<<<<
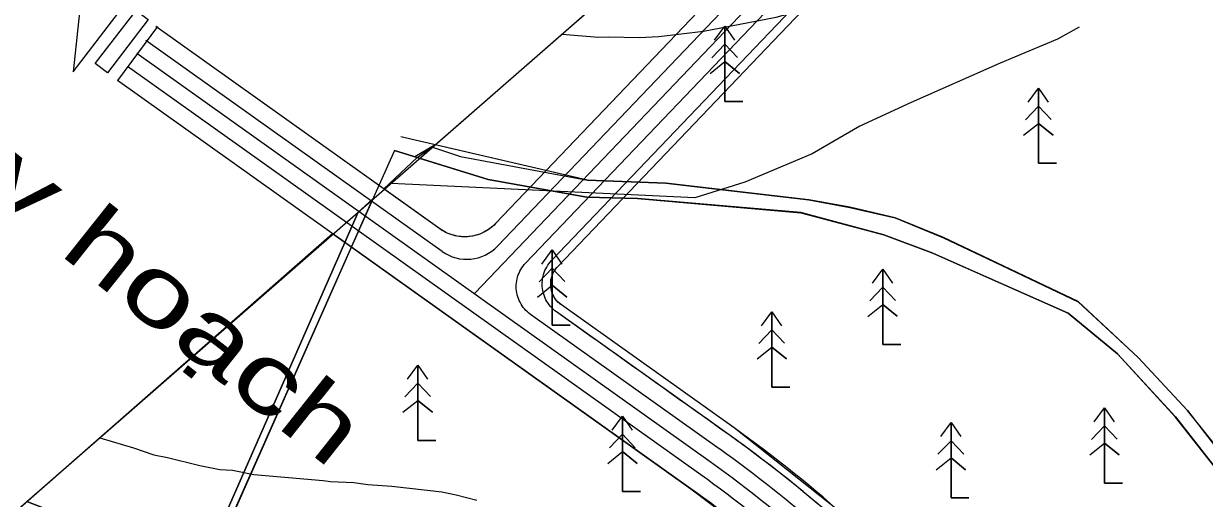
# Model space of a CAD drawing. Header units: metres. Extents: x 533049 to 537618, y 1849954 to 1852676.
# Drawn here: x 533775.3 to 534052.1, y 1851473.3 to 1851584.7 of the extents above; entities that cross this region are included whole.
import ezdxf

# ---------------------------------------------------------------- set-up
doc = ezdxf.new("R2010")
doc.units = ezdxf.units.M
doc.header["$LTSCALE"] = 2
for name, color, linetype, lineweight in [('13', 7, 'Continuous', 13), ('2', 7, 'Continuous', 13), ('20', 7, 'Continuous', 13), ('21', 7, 'Continuous', 13), ('31', 7, 'Continuous', 13), ('48', 7, 'Continuous', 13), ('54', 7, 'Continuous', 13), ('55', 7, 'Continuous', 13), ('57', 7, 'Continuous', 13), ('60', 7, 'Continuous', 13), ('63', 7, 'Continuous', 13)]:
    doc.layers.add(name, color=color, linetype=linetype, lineweight=lineweight)

msp = doc.modelspace()

# ---------------------------------------------------------------- linework, layer by layer
at = {"linetype": 'Continuous', "lineweight": 13}
msp.add_lwpolyline([(533857.21, 1851543.56), (533853.79, 1851540.5), (533819.37, 1851462.17), (533821.03, 1851462)], close=True, dxfattribs=at)
msp.add_lwpolyline([(533820.42, 1851461.9), (533816.4, 1851465.51), (533811.24, 1851469.09), (533804.53, 1851469.59), (533795.95, 1851467.89), (533786.57, 1851468.52), (533776.07, 1851472.56), (533853.79, 1851540.5), (533819.58, 1851462.65)], dxfattribs=at)
at = {"layer": '13'}
for points in [[(534052.56, 1851699.91), (534051.65, 1851699.09), (534050.75, 1851698.26), (534049.86, 1851697.43), (534048.96, 1851696.6), (534048.07, 1851695.76), (534047.18, 1851694.92), (534046.3, 1851694.08), (534045.42, 1851693.23), (534044.54, 1851692.38), (534043.67, 1851691.53), (534042.8, 1851690.67), (534041.93, 1851689.81), (534041.07, 1851688.95), (534040.21, 1851688.08), (534039.35, 1851687.21), (534038.5, 1851686.33), (534037.65, 1851685.46), (534036.81, 1851684.57), (533881.1, 1851521.47)], [(533967.59, 1851456.19), (533966.02, 1851457.64), (533964.45, 1851459.09), (533962.87, 1851460.52), (533961.28, 1851461.94), (533959.68, 1851463.36), (533958.07, 1851464.76), (533956.45, 1851466.15), (533954.81, 1851467.52), (533953.17, 1851468.89), (533951.52, 1851470.24), (533949.86, 1851471.58), (533948.19, 1851472.91), (533946.51, 1851474.23), (533944.82, 1851475.54), (533943.13, 1851476.83), (533941.42, 1851478.11), (533939.7, 1851479.38), (533937.98, 1851480.64), (533936.24, 1851481.89), (533801.83, 1851577.69)]]:
    msp.add_lwpolyline(points, dxfattribs=at)
at = {"layer": '2'}
msp.add_line((533806.72, 1851584), (533797.33, 1851571.38), dxfattribs=at)
for points in [[(533786.9, 1851573.42), (533803.15, 1851594.61), (533788.66, 1851589.51)], [(533804.52, 1851585.64), (533794.95, 1851573.15), (533792.13, 1851575.31), (533801.71, 1851587.79)]]:
    msp.add_lwpolyline(points, close=True, dxfattribs=at)
at = {"layer": '20'}
for points in [[(534066.01, 1851471.73), (534048.15, 1851493.96), (534036.6, 1851506.36), (534022.56, 1851519.48), (533990.96, 1851534.49), (533979.61, 1851539.14), (533969.03, 1851541.61), (533959.41, 1851543.34), (533925.87, 1851547.29), (533907.5, 1851548), (533863.72, 1851558.15)], [(533862.29, 1851554.94), (533884.21, 1851548.16), (533907.33, 1851543.96), (533919.21, 1851543.64), (533957.52, 1851540.35), (533976.99, 1851535.14), (533988.44, 1851530.86), (534020.18, 1851516.79), (534031.78, 1851507.21), (534045.39, 1851492.41), (534063.34, 1851469.44)]]:
    msp.add_lwpolyline(points, dxfattribs=at)
at = {"layer": '31'}
for points in [[(533900.55, 1851527.72), (534048.79, 1851683.01), (534049.1, 1851683.32), (534049.43, 1851683.61), (534049.78, 1851683.88), (534050.14, 1851684.14), (534050.51, 1851684.37), (534050.9, 1851684.59), (534051.29, 1851684.78), (534051.7, 1851684.95), (534052.11, 1851685.1), (534052.54, 1851685.22)], [(533966.93, 1851469.97), (533941.9, 1851489.83), (533901.4, 1851518.69), (533901, 1851519.01), (533900.62, 1851519.36), (533900.27, 1851519.74), (533899.96, 1851520.15), (533899.69, 1851520.58), (533899.45, 1851521.04), (533899.25, 1851521.51), (533899.1, 1851522), (533898.98, 1851522.5), (533898.91, 1851523.01), (533898.89, 1851523.52), (533898.9, 1851524.04), (533898.96, 1851524.55), (533899.07, 1851525.05), (533899.22, 1851525.54), (533899.41, 1851526.02), (533899.63, 1851526.48), (533899.9, 1851526.92), (533900.21, 1851527.33), (533900.55, 1851527.72), (534048.79, 1851683.01)], [(533964.44, 1851472.14), (533962.76, 1851473.57), (533961.08, 1851475), (533959.38, 1851476.4), (533957.68, 1851477.8), (533955.96, 1851479.19), (533954.24, 1851480.56), (533952.51, 1851481.92), (533950.76, 1851483.27), (533949.01, 1851484.61), (533947.25, 1851485.93), (533945.47, 1851487.24), (533943.69, 1851488.54), (533941.9, 1851489.83), (533901.4, 1851518.69), (533901.12, 1851518.91), (533900.85, 1851519.14), (533900.6, 1851519.38), (533900.36, 1851519.64), (533900.13, 1851519.92), (533899.92, 1851520.21), (533899.73, 1851520.5), (533899.56, 1851520.81), (533899.41, 1851521.13), (533899.27, 1851521.46), (533899.16, 1851521.8), (533899.06, 1851522.14), (533898.99, 1851522.48), (533898.93, 1851522.83), (533898.9, 1851523.19), (533898.89, 1851523.54), (533898.89, 1851523.9), (533898.92, 1851524.25), (533898.97, 1851524.6), (533899.04, 1851524.95), (533899.13, 1851525.29), (533899.25, 1851525.63), (533899.38, 1851525.96), (533899.53, 1851526.28), (533899.7, 1851526.59), (533899.88, 1851526.89), (533900.09, 1851527.18), (533900.31, 1851527.46), (533900.55, 1851527.72)]]:
    msp.add_lwpolyline(points, dxfattribs=at)
at = {"layer": '48'}
for points in [[(534031.52, 1851690.26), (533897.83, 1851550.22), (533885.95, 1851537.78), (533885.31, 1851537.16), (533884.61, 1851536.6), (533883.87, 1851536.11), (533883.08, 1851535.69), (533882.26, 1851535.33), (533881.42, 1851535.05), (533880.55, 1851534.85), (533879.66, 1851534.73), (533878.77, 1851534.68), (533877.88, 1851534.72), (533877, 1851534.83), (533876.13, 1851535.03), (533875.28, 1851535.3), (533874.45, 1851535.64), (533873.66, 1851536.06), (533872.91, 1851536.54), (533859.75, 1851545.93), (533867.55, 1851553.31), (533871.83, 1851556.27), (533977.24, 1851648.42)], [(533771.28, 1851468.38), (533847.73, 1851535.46), (533931.75, 1851475.58), (533945.71, 1851464.98)]]:
    msp.add_lwpolyline(points, dxfattribs=at)
at = {"layer": '54'}
for p, q in [((534034.25, 1851687.32), (533886.45, 1851532.51)), ((533873.42, 1851531.27), (533804, 1851580.74)), ((533934.07, 1851478.83), (533799.65, 1851574.64))]:
    msp.add_line(p, q, dxfattribs=at)
msp.add_lwpolyline([(533938.42, 1851484.94), (533894.16, 1851516.49), (533893.78, 1851516.77), (533893.42, 1851517.08), (533893.08, 1851517.41), (533892.76, 1851517.75), (533892.46, 1851518.12), (533892.19, 1851518.5), (533891.93, 1851518.9), (533891.7, 1851519.31), (533891.5, 1851519.74), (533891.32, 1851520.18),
>>>>
Read through the lines above and collect those that contain the string "units".

# Model space of a CAD drawing. Header units: metres. Extents: x 533049 to 537618, y 1849954 to 1852676.
doc.units = ezdxf.units.M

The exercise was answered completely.